Dispensary employees free from a union are the future for Missouri | Opinion
Though often overlooked, and sometimes ignored, there has been a surge in worker efforts to free themselves from unwanted union representation. The National Labor Relations Board — which oversees the process for most workers — has seen a 50% increase in such decertification efforts in the past five years.
A recent successful decertification by Missouri workers at the Shangri-La cannabis dispensary in Columbia shows how the process works, when it works correctly. After two years of having United Food and Commercial Workers Local 655 union officials as their mandatory representative, Shangri-La employees decided they would be better off without the union.
On Aug. 20, Shangri-La employee Travis Hierholzer filed the request for a decertification election with the NLRB regional office in St. Louis. Nearly every employee signed his petition, though only 30% are required for the NLRB to initiate a decertification election.
One week after the petition was submitted, the workers were officially free of the UFCW, when the union announced it would not contest the decertification. This is a welcome resolution. However, as too often occurs, workers’ decertification efforts do not go so smoothly.
Union officials frequently turn to suspect legal tactics to remain in power: blocking elections from taking place, preventing ballots from being counted or stopping results from becoming official. Various NLRB policies — none found in the text of the National Labor Relations Act — have enabled union lawyers to trap workers in union ranks they oppose for months or even years.
For example, the NLRB’s current “blocking charge” policy allows union officials to block decertification votes from proceeding by simply making unproven allegations against a company. Union lawyers frequently use this tactic to stall elections they know they would lose, often just to keep automatic dues payments coming in.
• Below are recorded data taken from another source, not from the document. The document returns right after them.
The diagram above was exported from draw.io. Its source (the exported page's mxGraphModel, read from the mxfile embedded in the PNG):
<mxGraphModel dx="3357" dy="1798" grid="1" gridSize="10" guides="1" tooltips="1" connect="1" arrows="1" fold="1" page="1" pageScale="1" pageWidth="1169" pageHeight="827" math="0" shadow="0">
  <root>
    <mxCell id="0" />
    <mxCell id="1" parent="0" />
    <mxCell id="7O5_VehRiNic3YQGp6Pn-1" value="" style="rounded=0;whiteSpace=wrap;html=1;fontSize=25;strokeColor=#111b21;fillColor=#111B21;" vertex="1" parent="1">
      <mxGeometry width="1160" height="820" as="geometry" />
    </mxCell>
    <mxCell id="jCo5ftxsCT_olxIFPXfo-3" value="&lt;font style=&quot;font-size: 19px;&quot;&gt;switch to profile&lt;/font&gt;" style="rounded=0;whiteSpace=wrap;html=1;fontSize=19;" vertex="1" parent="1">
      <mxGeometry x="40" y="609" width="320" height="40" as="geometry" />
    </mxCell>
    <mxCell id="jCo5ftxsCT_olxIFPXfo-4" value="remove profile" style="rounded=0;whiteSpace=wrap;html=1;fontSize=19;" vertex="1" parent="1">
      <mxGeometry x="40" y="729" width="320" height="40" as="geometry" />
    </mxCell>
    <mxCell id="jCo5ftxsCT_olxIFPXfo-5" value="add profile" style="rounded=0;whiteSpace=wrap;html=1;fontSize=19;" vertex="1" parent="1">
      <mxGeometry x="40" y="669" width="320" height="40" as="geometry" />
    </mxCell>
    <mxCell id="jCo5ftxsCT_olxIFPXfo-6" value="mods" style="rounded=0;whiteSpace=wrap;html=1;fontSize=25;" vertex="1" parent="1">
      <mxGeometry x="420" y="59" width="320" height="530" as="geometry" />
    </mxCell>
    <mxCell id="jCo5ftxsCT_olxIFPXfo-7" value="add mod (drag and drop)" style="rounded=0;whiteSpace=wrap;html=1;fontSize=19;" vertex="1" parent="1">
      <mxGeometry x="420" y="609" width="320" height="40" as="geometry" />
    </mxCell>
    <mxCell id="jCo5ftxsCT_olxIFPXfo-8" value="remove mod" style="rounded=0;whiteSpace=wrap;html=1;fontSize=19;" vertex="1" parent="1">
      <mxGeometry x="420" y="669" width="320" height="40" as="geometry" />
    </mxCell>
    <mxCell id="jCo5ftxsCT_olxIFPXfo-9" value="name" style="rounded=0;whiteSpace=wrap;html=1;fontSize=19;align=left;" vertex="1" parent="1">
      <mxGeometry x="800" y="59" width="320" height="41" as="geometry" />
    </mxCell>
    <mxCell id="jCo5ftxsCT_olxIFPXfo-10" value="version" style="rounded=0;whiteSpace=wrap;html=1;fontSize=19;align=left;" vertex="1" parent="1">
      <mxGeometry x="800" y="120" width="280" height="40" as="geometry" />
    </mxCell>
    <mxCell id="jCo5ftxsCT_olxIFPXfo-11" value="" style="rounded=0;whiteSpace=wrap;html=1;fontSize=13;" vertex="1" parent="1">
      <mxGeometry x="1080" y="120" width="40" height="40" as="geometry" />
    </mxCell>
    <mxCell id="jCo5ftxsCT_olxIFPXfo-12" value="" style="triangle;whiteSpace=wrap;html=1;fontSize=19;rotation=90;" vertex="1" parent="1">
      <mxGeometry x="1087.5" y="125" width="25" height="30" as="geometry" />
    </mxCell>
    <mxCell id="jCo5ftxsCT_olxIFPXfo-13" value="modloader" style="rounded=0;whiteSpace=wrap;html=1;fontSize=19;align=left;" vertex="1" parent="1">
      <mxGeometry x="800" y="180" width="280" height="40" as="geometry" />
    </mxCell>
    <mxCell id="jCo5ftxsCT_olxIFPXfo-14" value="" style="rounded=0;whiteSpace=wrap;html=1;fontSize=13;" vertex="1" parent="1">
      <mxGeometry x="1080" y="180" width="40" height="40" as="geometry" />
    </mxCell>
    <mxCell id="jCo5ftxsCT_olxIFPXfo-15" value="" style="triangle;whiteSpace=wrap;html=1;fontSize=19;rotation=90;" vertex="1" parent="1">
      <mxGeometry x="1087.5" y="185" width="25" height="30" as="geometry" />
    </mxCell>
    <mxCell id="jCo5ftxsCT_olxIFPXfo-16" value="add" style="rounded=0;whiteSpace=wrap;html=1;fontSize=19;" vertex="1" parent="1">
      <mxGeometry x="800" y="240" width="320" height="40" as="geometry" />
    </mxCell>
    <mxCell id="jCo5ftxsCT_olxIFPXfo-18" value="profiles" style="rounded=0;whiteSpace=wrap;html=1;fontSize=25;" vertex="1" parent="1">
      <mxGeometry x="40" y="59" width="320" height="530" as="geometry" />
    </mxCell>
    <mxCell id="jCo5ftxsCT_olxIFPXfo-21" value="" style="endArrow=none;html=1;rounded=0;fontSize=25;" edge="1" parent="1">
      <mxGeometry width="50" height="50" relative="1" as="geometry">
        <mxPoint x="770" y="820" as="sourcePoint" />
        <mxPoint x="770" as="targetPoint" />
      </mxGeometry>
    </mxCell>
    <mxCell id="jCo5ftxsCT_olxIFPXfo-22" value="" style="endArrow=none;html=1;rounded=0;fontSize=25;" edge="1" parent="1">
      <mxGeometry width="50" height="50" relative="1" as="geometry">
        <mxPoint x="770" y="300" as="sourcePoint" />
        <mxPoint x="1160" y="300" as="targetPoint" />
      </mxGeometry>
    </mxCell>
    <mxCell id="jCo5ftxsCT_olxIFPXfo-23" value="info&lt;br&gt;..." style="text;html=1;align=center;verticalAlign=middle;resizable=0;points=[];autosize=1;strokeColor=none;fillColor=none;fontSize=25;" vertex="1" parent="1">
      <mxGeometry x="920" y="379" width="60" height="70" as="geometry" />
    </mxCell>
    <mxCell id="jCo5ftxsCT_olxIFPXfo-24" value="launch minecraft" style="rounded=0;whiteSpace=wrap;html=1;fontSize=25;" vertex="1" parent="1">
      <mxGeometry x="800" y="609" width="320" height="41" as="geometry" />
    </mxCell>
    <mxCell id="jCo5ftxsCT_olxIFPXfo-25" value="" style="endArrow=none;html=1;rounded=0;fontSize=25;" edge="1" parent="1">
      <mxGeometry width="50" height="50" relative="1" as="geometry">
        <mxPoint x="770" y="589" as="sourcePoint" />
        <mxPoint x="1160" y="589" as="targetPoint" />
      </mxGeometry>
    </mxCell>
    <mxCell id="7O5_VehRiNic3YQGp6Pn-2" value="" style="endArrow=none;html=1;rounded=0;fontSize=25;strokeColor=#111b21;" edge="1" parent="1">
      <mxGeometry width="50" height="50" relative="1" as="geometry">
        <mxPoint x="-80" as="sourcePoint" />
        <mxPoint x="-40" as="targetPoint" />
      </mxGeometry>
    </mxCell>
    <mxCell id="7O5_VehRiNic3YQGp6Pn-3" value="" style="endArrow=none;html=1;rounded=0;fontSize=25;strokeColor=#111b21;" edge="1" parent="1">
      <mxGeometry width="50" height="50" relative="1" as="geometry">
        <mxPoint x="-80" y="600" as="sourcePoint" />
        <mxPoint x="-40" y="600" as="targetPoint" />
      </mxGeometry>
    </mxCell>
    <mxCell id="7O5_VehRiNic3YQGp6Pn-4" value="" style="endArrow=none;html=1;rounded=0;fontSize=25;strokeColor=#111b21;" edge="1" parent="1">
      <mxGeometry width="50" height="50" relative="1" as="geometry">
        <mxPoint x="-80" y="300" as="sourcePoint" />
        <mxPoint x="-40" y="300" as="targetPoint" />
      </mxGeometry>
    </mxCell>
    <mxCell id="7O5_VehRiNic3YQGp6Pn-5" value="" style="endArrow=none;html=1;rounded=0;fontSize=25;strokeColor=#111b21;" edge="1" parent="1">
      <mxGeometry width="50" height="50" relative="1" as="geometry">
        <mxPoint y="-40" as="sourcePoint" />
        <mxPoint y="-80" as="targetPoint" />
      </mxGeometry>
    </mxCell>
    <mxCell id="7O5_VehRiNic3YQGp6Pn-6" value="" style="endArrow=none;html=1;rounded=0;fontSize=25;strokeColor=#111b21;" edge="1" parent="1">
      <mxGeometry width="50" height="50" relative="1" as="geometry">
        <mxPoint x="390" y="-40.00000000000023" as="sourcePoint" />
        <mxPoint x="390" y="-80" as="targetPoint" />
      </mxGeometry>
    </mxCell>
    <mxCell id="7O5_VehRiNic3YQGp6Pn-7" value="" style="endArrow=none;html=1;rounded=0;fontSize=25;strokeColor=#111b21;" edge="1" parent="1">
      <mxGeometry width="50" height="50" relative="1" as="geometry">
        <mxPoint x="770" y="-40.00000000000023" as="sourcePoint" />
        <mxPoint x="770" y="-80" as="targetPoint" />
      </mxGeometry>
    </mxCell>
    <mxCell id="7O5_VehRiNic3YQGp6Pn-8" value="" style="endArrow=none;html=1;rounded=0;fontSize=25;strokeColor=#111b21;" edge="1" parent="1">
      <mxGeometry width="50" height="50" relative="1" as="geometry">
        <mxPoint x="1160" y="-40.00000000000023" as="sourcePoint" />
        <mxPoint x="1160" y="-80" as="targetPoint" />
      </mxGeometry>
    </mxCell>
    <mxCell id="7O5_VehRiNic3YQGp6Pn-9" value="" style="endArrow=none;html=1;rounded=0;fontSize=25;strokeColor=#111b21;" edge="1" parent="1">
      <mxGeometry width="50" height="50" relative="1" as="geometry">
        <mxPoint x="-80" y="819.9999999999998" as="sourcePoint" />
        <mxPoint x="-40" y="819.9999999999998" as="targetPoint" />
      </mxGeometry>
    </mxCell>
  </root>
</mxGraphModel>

Another major challenge workers face when seeking to hold decertification votes is NLRB-invented “bars” that restrict when such petitions can even be filed, no matter how strong worker opposition to union representation is. The NLRA — the law Congress enacted that the board is charged with neutrally enforcing — says employees’ election petitions should be processed by the board with just one exception: if an election has already been held within the previous 12 months.
Yet the NLRB is presently enforcing several non-statutory doctrines that protect incumbent union bosses from being removed in situations where the law’s election bar does not apply.
This includes the so-called voluntary recognition bar, where workers are blocked from pursuing a decertification petition for up to a year after the union is installed through card check, a policy that leaves workers vulnerable to union intimidation and pressure tactics by sidestepping an NLRB-supervised secret ballot vote.
Other invented bars block the majority of workers from voting to remove union representation they oppose. These include the successor bar, which blocks a vote for up to a year after a company is acquired, and the settlement bar, which prevents a decertification vote because of an NLRB settlement to which the workers are not party.
Perhaps most pernicious, the contract bar blocks decertification votes for up to three years after a union contract is imposed, incentivizing union officials to rush substandard contracts on workers as a way of blocking growing support for decertification.
Many of these hurdles blocking workers from decertification are bureaucratic rules that can be fixed by a future NLRB majority. They also face ongoing legal challenges from a growing number of employees.
At a Missouri Court of Appeals argument earlier this month, NLRB lawyers struggled to justify the successor bar. One judge even observed that it, and implicitly other NLRB-created bars, are not authorized by the NLRA, but actually are “the suspension of the operation of the National Labor Relations Act.”
Union officials have no place in a workplace where they are opposed by the majority of employees, and the decertification process should be streamlined so the experience of Shangri-La employees becomes the norm. This is especially important in Missouri and the other 23 states that lack right-to-work protections, because, without right-to-work, workers are forced to pay dues and fees to the union or be fired.
Mark Mix is president of the 501(c)(3) nonprofit National Right to Work Legal Defense Foundation.